# Work to complete
Quote the lines below exactly, from the one that holds "for s, height, p" through the final line of the records, and only those.

Data for the task section start

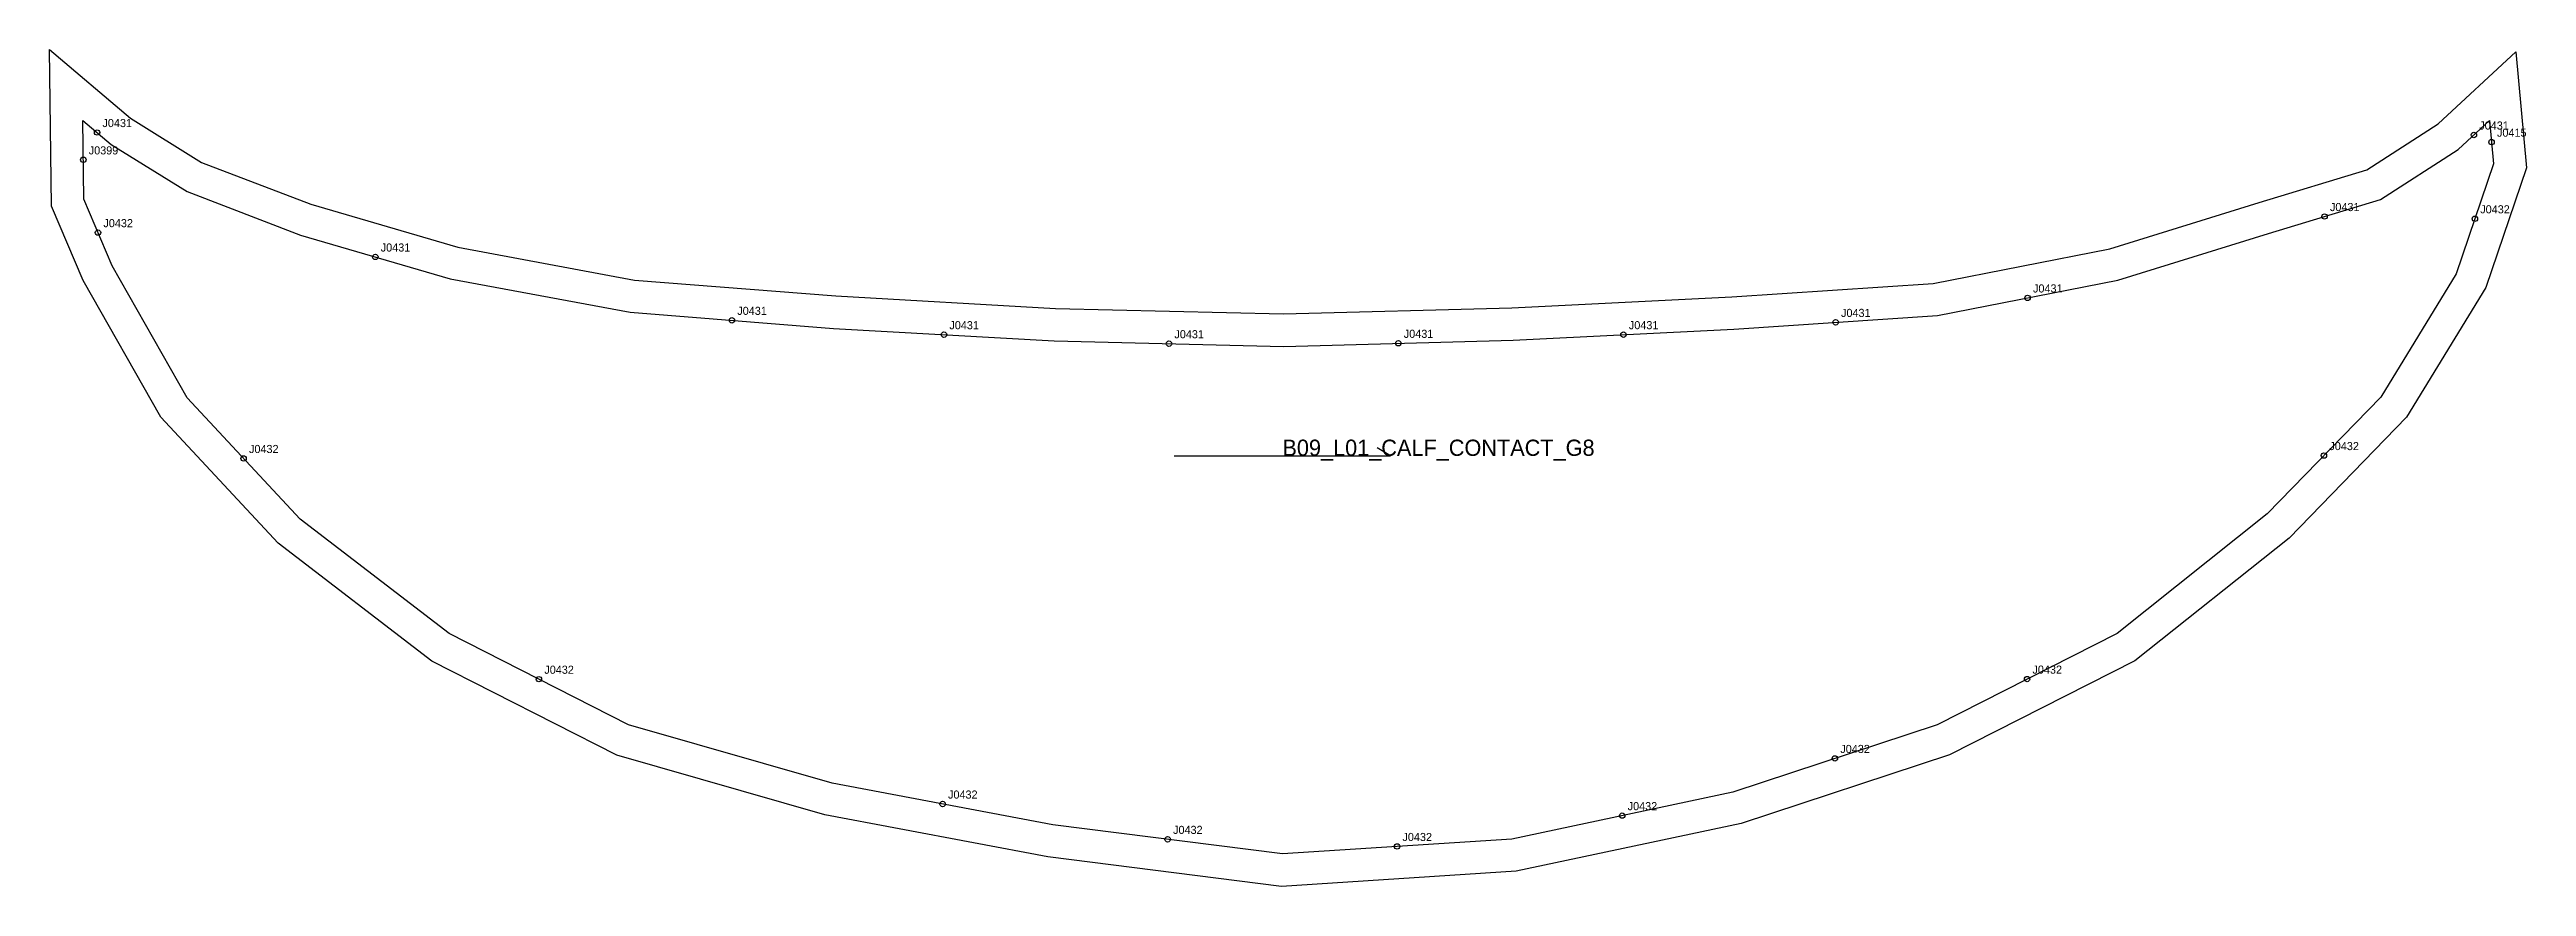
# Model space of a CAD drawing. Header units: millimetres. Extents: x -12 to 904, y -283 to 26.
import ezdxf

# ---------------------------------------------------------------- set-up
doc = ezdxf.new("R2010")
doc.units = ezdxf.units.MM
for name, color, linetype in [('CUT', 1, 'Continuous'), ('GRAIN', 3, 'Continuous'), ('LABEL', 7, 'Continuous'), ('NOTCH', 2, 'Continuous'), ('SEW', 5, 'Continuous')]:
    doc.layers.add(name, color=color, linetype=linetype)

msp = doc.modelspace()

# ---------------------------------------------------------------- linework, layer by layer
at = {"layer": 'CUT'}
msp.add_lwpolyline([(-12.33, 26.22), (17.6, 0.79), (43.95, -15.53), (84.35, -31.04), (138.74, -46.94), (204.06, -59.07), (278.62, -64.95), (359.95, -69.61), (444.31, -71.62), (528.75, -69.3), (610.19, -65.26), (684.67, -60.28), (750.02, -47.49), (805.26, -30.4), (845.07, -18.24), (871.52, -1.25), (900.29, 25.36), (904.18, -17.52), (889.1, -61.85), (859.78, -109.8), (816.33, -154.51), (759.22, -199.98), (690.69, -234.69), (613.63, -260.15), (530.37, -277.8), (443.46, -283.44), (357.09, -272.47), (274.54, -256.94), (197.54, -234.86), (129.1, -200.02), (72.28, -156.44), (28.84, -109.77), (0.07, -59.19), (-11.61, -31.67), (-12.33, 26.22)], close=True, dxfattribs=at)
at = {"layer": 'GRAIN'}
for p, q in [((403.86, -124.11), (483.86, -124.11)), ((483.86, -124.11), (478.86, -121.11))]:
    msp.add_line(p, q, dxfattribs=at)
at = {"layer": 'NOTCH'}
for centre in [(5.26, -4.47), (884.72, -5.39), (891.27, -8.03), (0.18, -14.58), (829.47, -35.55), (885.08, -36.39), (5.6, -41.51), (108.23, -50.52), (240.15, -73.96), (719.59, -65.67), (318.63, -79.27), (401.89, -82.61), (486.77, -82.45), (570.05, -79.26), (648.56, -74.72), (59.48, -125.07), (829.25, -123.99), (168.75, -206.74), (719.39, -206.7), (648.29, -236.06), (318.13, -252.93), (569.61, -257.22), (401.4, -266), (486.28, -268.63)]:
    msp.add_circle(centre, 1, dxfattribs=at)
at = {"layer": 'SEW'}
msp.add_lwpolyline([(0, 0), (10.51, -8.93), (38.6, -26.33), (80.51, -42.42), (135.95, -58.63), (202.49, -70.99), (277.8, -76.93), (359.46, -81.61), (444.33, -83.62), (529.22, -81.29), (610.89, -77.24), (686.23, -72.2), (752.95, -59.15), (808.78, -41.87), (850.17, -29.23), (878.89, -10.78), (890.54, 0), (892, -16.06), (878.17, -56.72), (850.24, -102.39), (808.26, -145.6), (752.71, -189.83), (686.07, -223.58), (610.5, -248.55), (528.73, -265.88), (443.83, -271.39), (358.96, -260.62), (277.31, -245.25), (201.96, -223.64), (135.53, -189.83), (80.38, -147.53), (38.58, -102.62), (10.84, -53.86), (0.36, -29.16)], close=True, dxfattribs=at)

# ---------------------------------------------------------------- texts
at = {"layer": 'LABEL'}
for s, height, p in [('J0431', 3, (7.26, -2.47)), ('J0431', 3, (886.72, -3.39)), ('J0415', 3, (893.27, -6.03)), ('J0399', 3, (2.18, -12.58)), ('J0432', 3, (7.6, -39.51)), ('J0431', 3, (831.47, -33.55)), ('J0432', 3, (887.08, -34.39)), ('J0431', 3, (110.23, -48.52)), ('J0431', 3, (721.59, -63.67)), ('J0431', 3, (242.15, -71.96)), ('J0431', 3, (650.56, -72.72)), ('J0431', 3, (320.63, -77.27)), ('J0431', 3, (403.89, -80.61)), ('J0431', 3, (488.77, -80.45)), ('J0431', 3, (572.05, -77.26)), ('B09_L01_CALF_CONTACT_G8', 6, (443.86, -124.11)), ('J0432', 3, (831.25, -121.99)), ('J0432', 3, (61.48, -123.07)), ('J0432', 3, (170.75, -204.74)), ('J0432', 3, (721.39, -204.7)), ('J0432', 3, (650.29, -234.06)), ('J0432', 3, (320.13, -250.93)), ('J0432', 3, (571.61, -255.22)), ('J0432', 3, (403.4, -264)), ('J0432', 3, (488.28, -266.63))]:
    msp.add_text(s, height=height, dxfattribs=at).set_placement(p)

doc.saveas('drawing.dxf')

Data for the task section end

# The completed task
for s, height, p in [('J0431', 3, (7.26, -2.47)), ('J0431', 3, (886.72, -3.39)), ('J0415', 3, (893.27, -6.03)), ('J0399', 3, (2.18, -12.58)), ('J0432', 3, (7.6, -39.51)), ('J0431', 3, (831.47, -33.55)), ('J0432', 3, (887.08, -34.39)), ('J0431', 3, (110.23, -48.52)), ('J0431', 3, (721.59, -63.67)), ('J0431', 3, (242.15, -71.96)), ('J0431', 3, (650.56, -72.72)), ('J0431', 3, (320.63, -77.27)), ('J0431', 3, (403.89, -80.61)), ('J0431', 3, (488.77, -80.45)), ('J0431', 3, (572.05, -77.26)), ('B09_L01_CALF_CONTACT_G8', 6, (443.86, -124.11)), ('J0432', 3, (831.25, -121.99)), ('J0432', 3, (61.48, -123.07)), ('J0432', 3, (170.75, -204.74)), ('J0432', 3, (721.39, -204.7)), ('J0432', 3, (650.29, -234.06)), ('J0432', 3, (320.13, -250.93)), ('J0432', 3, (571.61, -255.22)), ('J0432', 3, (403.4, -264)), ('J0432', 3, (488.28, -266.63))]:
    msp.add_text(s, height=height, dxfattribs=at).set_placement(p)

doc.saveas('drawing.dxf')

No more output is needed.